→ **What the task requires**: The required output is the line containing "chamfer2_side = [part.faces().sort_by_distance(p)[0]" followed by each line through the end of the data below, repeated exactly and with nothing added.

→ **Records for the task**:

★ ★ ★ ★ ★

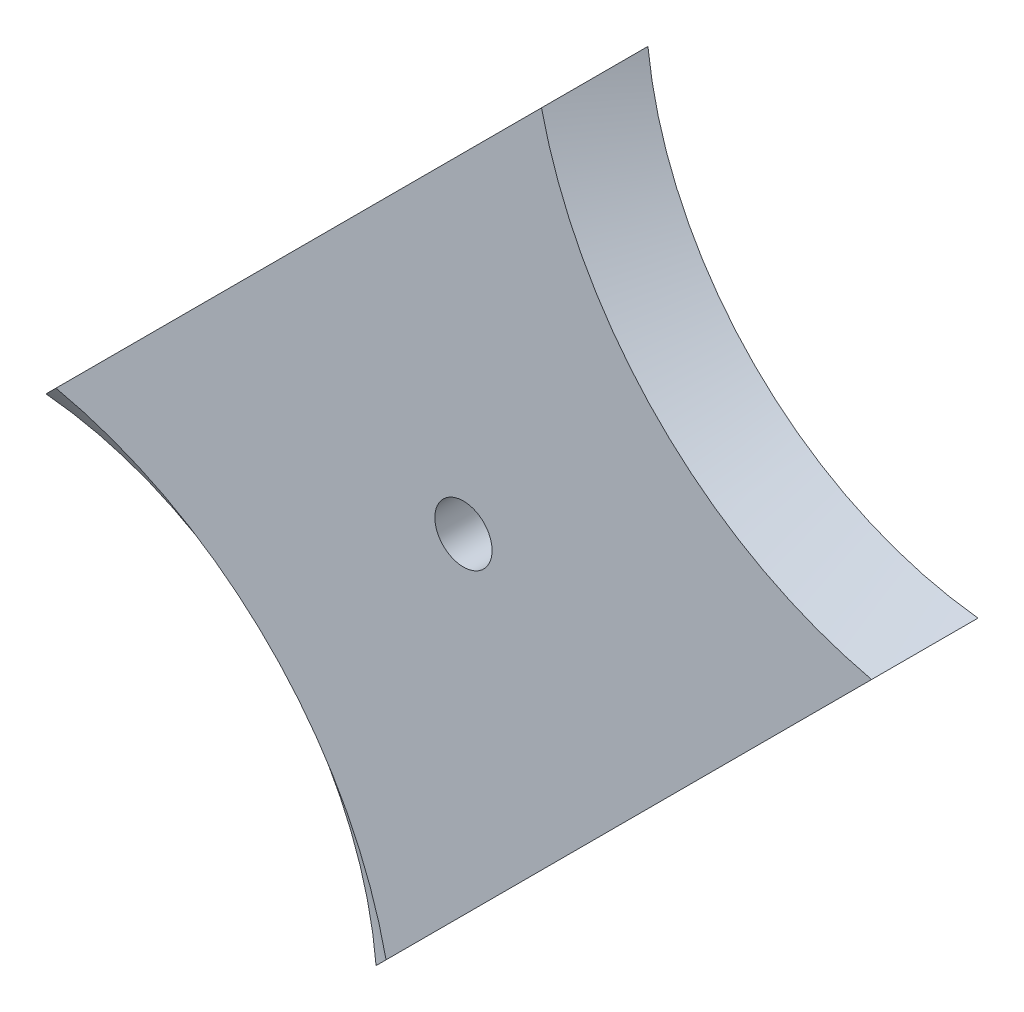
from build123d import *

# Parameters (mm, degrees)
SKETCH3_R           = 2.94685624
BOSS_EXTRUDE1_DEPTH = 5
CHAMFER1_SIZE2      = 6.881909602
CHAMFER1_SIZE       = 5
CHAMFER2_SIZE2      = 5
CHAMFER2_SIZE       = 6.881909602


with BuildPart() as part:
    # Sketch3 → Boss-Extrude1 (new body)
    with BuildSketch(Plane.XY):
        with BuildLine():
            Line((48.567273068, 137.828283654), (110.567273068, 199.828283654))
            ThreePointArc((110.567273068, 199.828283654), (121.583561944, 176.84457253), (144.567273068, 165.828283654))
            Line((144.567273068, 165.828283654), (82.567273068, 103.828283654))
            ThreePointArc((82.567273068, 103.828283654), (71.734296399, 126.995306985), (48.567273068, 137.828283654))
        make_face()
        with Locations((96.567273068, 151.828283654)):
            Circle(SKETCH3_R, mode=Mode.SUBTRACT)
    extrude(amount=BOSS_EXTRUDE1_DEPTH)

    # Chamfer1
    chamfer1_edges = [part.edges().sort_by_distance(p)[0] for p in [
        (121.583561944, 176.84457253, 5),
    ]]
    chamfer1_side = [part.faces().sort_by_distance(p)[0] for p in [
        (121.583561944, 176.84457253, 4.9),
    ]]
    chamfer(chamfer1_edges, length=CHAMFER1_SIZE - 0.0001, length2=CHAMFER1_SIZE2 - 0.0001, reference=chamfer1_side[0])  # a hair under: the kernel refuses the full size

    # Chamfer2
    chamfer2_edges = [part.edges().sort_by_distance(p)[0] for p in [
        (71.734296399, 126.995306985, 5),
    ]]
    chamfer2_side = [part.faces().sort_by_distance(p)[0] for p in [
        (71.805007077, 127.066017663, 5),
    ]]
    chamfer(chamfer2_edges, length=CHAMFER2_SIZE - 0.0001, length2=CHAMFER2_SIZE2 - 0.0001, reference=chamfer2_side[0])  # a hair under: the kernel refuses the full size


solid = part.part

★ ★ ★ ★ ★

→ **Response**:
    chamfer2_side = [part.faces().sort_by_distance(p)[0] for p in [
        (71.805007077, 127.066017663, 5),
    ]]
    chamfer(chamfer2_edges, length=CHAMFER2_SIZE - 0.0001, length2=CHAMFER2_SIZE2 - 0.0001, reference=chamfer2_side[0])  # a hair under: the kernel refuses the full size


solid = part.part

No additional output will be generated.